実際に運用をしてみて難しさを感じたのはアプリをダウンロードしていただくハードルです。お客様に提供するサービスの価値が高ければダウンロードしていただけるのですが、現時点では答えが見つかっていません。また当社らしいサービスは何なのか、といった議論もしました。こういった議論の中で注目したのがLINE公式アカウントでした。
MZ:なぜLINE公式アカウントに注目したのですか。
馬場:当社のLINE公式アカウント“おとなサントリー”は、2015年から数あるオウンドメディアの一つとしてサントリーホールディングスの宣伝部で運営していました。お客様とのデジタル上の接点として当社内では最大規模で友だちの数は2,400万人超と、とても大きな資産になっているので「これを活用しない手はない、資産であるLINEの接点規模にCRMの概念を組み込むことで、酒ブランドのファン化を図っていこう」と考え、運営を私がいる酒事業会社のCRM部に移管し2024年の秋から運営を始めています。

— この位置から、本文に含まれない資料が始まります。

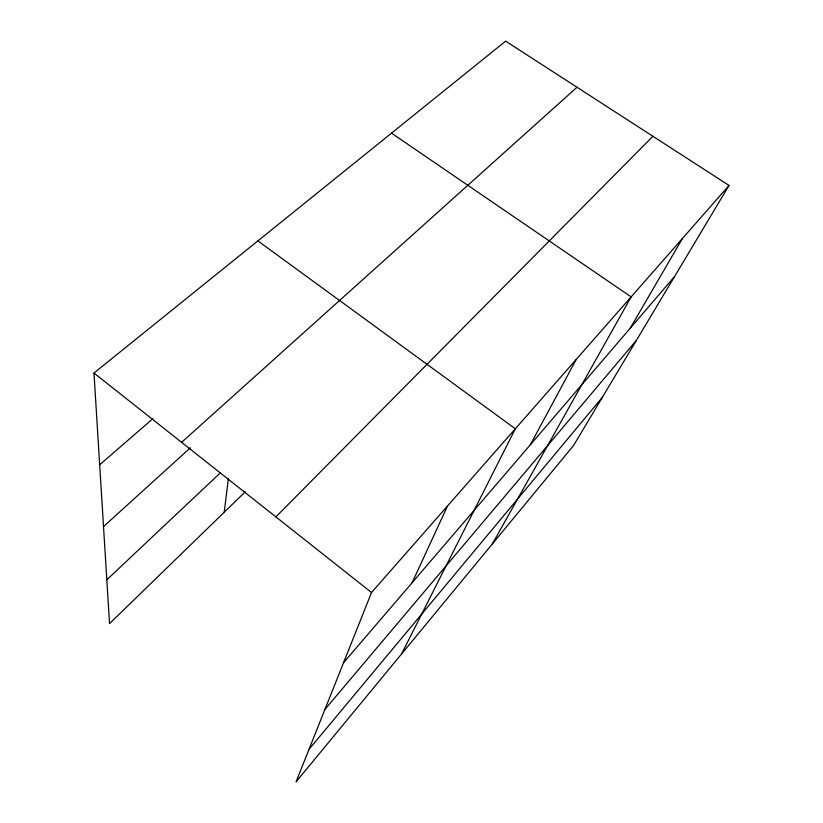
<?xml version="1.0" encoding="UTF-8"?>
<svg xmlns="http://www.w3.org/2000/svg" width="823" height="823" viewBox="0 0 823 823"><rect width="100%" height="100%" fill="white"/><g stroke="black" fill="none" stroke-linecap="round" stroke-linejoin="round"><path stroke-width="1.23" d="M224.226 512.235L228.403 478.492M729.024 185.442L371.523 592.519L296.064 781.85L573.549 445.51L729.024 185.442L505.631 41.15L93.976 373.035L109.541 623.608L245.326 491.743M412.086 582.766L447.527 505.98M401.552 653.987L515.342 428.762L257.887 240.882M530.393 444.718L576.203 359.456M492.349 543.931L631.148 296.897L391.522 133.141M630.223 328.233L682.421 238.505M309.026 749.321L602.374 397.293M324.9 709.488L636.416 340.352M343.52 662.772L674.665 276.384M275.89 516.895L652.917 136.279M106.815 579.804L220.08 473.091M103.513 526.586L190.401 447.784M181.616 442.342L577.005 87.248M99.676 464.789L152.975 418.619M93.976 373.035L371.523 592.519"/></g></svg>

また今のSNSは自分の興味や好みに合わせて情報がフィルタリングされる、フィルターバブルが起こり興味のある似通った情報しか届かなくなっています。逆に少し見方を変えればLINEは、フィルターバブルの影響を受けずに直接かつ継続的に情報が届けられるメディアなので、CRMにおいて大変価値があると考えました。

MZ:サントリーではLINE公式アカウントをどのように活用していますか。
馬場:当初はテレビCMやキャンペーン情報といったリーチメディアとしての使い方が中心でした。直近はブランド担当が瓶商品に関心がある層など一定のターゲティングをした情報を発信するほか、営業拠点でエリアのイベント開催情報やチェーン店との取り組みをお客様に発信するなど、事業や宣伝部署だけでなく営業拠点、工場など様々な部署が積極的に活用し始めています。